• DIRECTIONS FOR THIS TASK: Give back exactly the lines from the start of the entries below to the line holding "nPitch : Inport", that line included, and leave every picture out.

Records from a dataset:
══════════════════════════════

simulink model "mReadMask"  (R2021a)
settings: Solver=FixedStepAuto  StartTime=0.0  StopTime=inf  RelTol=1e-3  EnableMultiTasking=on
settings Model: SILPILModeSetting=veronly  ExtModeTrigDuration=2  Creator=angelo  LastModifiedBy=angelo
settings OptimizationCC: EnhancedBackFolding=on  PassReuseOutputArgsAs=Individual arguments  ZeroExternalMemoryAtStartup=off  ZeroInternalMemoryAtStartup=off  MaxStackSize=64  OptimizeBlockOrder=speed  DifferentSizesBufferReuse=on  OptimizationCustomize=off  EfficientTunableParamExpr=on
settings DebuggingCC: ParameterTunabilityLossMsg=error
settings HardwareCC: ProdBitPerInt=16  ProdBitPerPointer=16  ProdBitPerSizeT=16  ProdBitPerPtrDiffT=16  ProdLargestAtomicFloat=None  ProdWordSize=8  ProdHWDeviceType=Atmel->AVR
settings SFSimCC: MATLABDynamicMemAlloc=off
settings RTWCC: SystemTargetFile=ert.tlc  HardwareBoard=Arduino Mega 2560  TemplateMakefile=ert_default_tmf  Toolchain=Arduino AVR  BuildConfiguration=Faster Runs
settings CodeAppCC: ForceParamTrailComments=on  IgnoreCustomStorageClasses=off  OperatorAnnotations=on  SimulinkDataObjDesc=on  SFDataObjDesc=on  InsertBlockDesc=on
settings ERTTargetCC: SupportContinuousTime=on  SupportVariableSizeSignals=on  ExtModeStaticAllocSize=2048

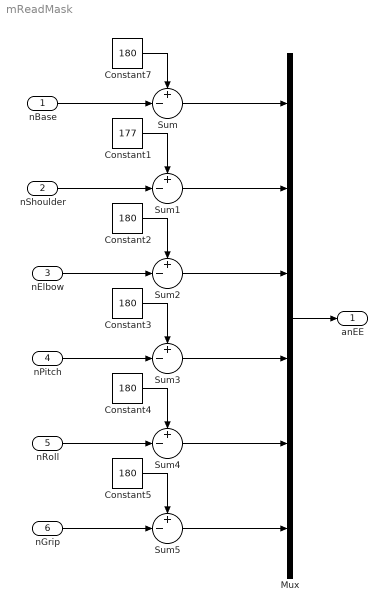
== system mReadMask ==
  nBase : Inport  OutDataTypeStr=int32
  nShoulder : Inport  Port=2  OutDataTypeStr=int32
  nElbow : Inport  Port=3  OutDataTypeStr=int32
  nPitch : Inport  Port=4  OutDataTypeStr=int32
  nRoll : Inport  Port=5  OutDataTypeStr=int32
  nGrip : Inport  Port=6  OutDataTypeStr=int32
  Constant1 : Constant  Value=177
  Constant{2..5,7} (5 alike) : Constant  Value=180
  Mux : Mux  Inputs=6
  Sum{,1..5} (6 alike) : Sum  Inputs=+-|
  anEE : Outport
  wires:
  Sum4/1 -> Mux/5
  nElbow/1 -> Sum2/2
  Constant3/1 -> Sum3/1
  Constant2/1 -> Sum2/1
  nBase/1 -> Sum/2
  Constant5/1 -> Sum5/1
  Sum1/1 -> Mux/2
  Constant1/1 -> Sum1/1
  nShoulder/1 -> Sum1/2
  Sum/1 -> Mux/1
  Constant7/1 -> Sum/1
  Constant4/1 -> Sum4/1
  Sum3/1 -> Mux/4
  Sum5/1 -> Mux/6
  Mux/1 -> anEE/1
  nPitch/1 -> Sum3/2
  Sum2/1 -> Mux/3
  nRoll/1 -> Sum4/2
  nGrip/1 -> Sum5/2

══════════════════════════════

• ANSWER TO THE PROBLEM:
simulink model "mReadMask"  (R2021a)
settings: Solver=FixedStepAuto  StartTime=0.0  StopTime=inf  RelTol=1e-3  EnableMultiTasking=on
settings Model: SILPILModeSetting=veronly  ExtModeTrigDuration=2  Creator=angelo  LastModifiedBy=angelo
settings OptimizationCC: EnhancedBackFolding=on  PassReuseOutputArgsAs=Individual arguments  ZeroExternalMemoryAtStartup=off  ZeroInternalMemoryAtStartup=off  MaxStackSize=64  OptimizeBlockOrder=speed  DifferentSizesBufferReuse=on  OptimizationCustomize=off  EfficientTunableParamExpr=on
settings DebuggingCC: ParameterTunabilityLossMsg=error
settings HardwareCC: ProdBitPerInt=16  ProdBitPerPointer=16  ProdBitPerSizeT=16  ProdBitPerPtrDiffT=16  ProdLargestAtomicFloat=None  ProdWordSize=8  ProdHWDeviceType=Atmel->AVR
settings SFSimCC: MATLABDynamicMemAlloc=off
settings RTWCC: SystemTargetFile=ert.tlc  HardwareBoard=Arduino Mega 2560  TemplateMakefile=ert_default_tmf  Toolchain=Arduino AVR  BuildConfiguration=Faster Runs
settings CodeAppCC: ForceParamTrailComments=on  IgnoreCustomStorageClasses=off  OperatorAnnotations=on  SimulinkDataObjDesc=on  SFDataObjDesc=on  InsertBlockDesc=on
settings ERTTargetCC: SupportContinuousTime=on  SupportVariableSizeSignals=on  ExtModeStaticAllocSize=2048

== system mReadMask ==
  nBase : Inport  OutDataTypeStr=int32
  nShoulder : Inport  Port=2  OutDataTypeStr=int32
  nElbow : Inport  Port=3  OutDataTypeStr=int32
  nPitch : Inport  Port=4  OutDataTypeStr=int32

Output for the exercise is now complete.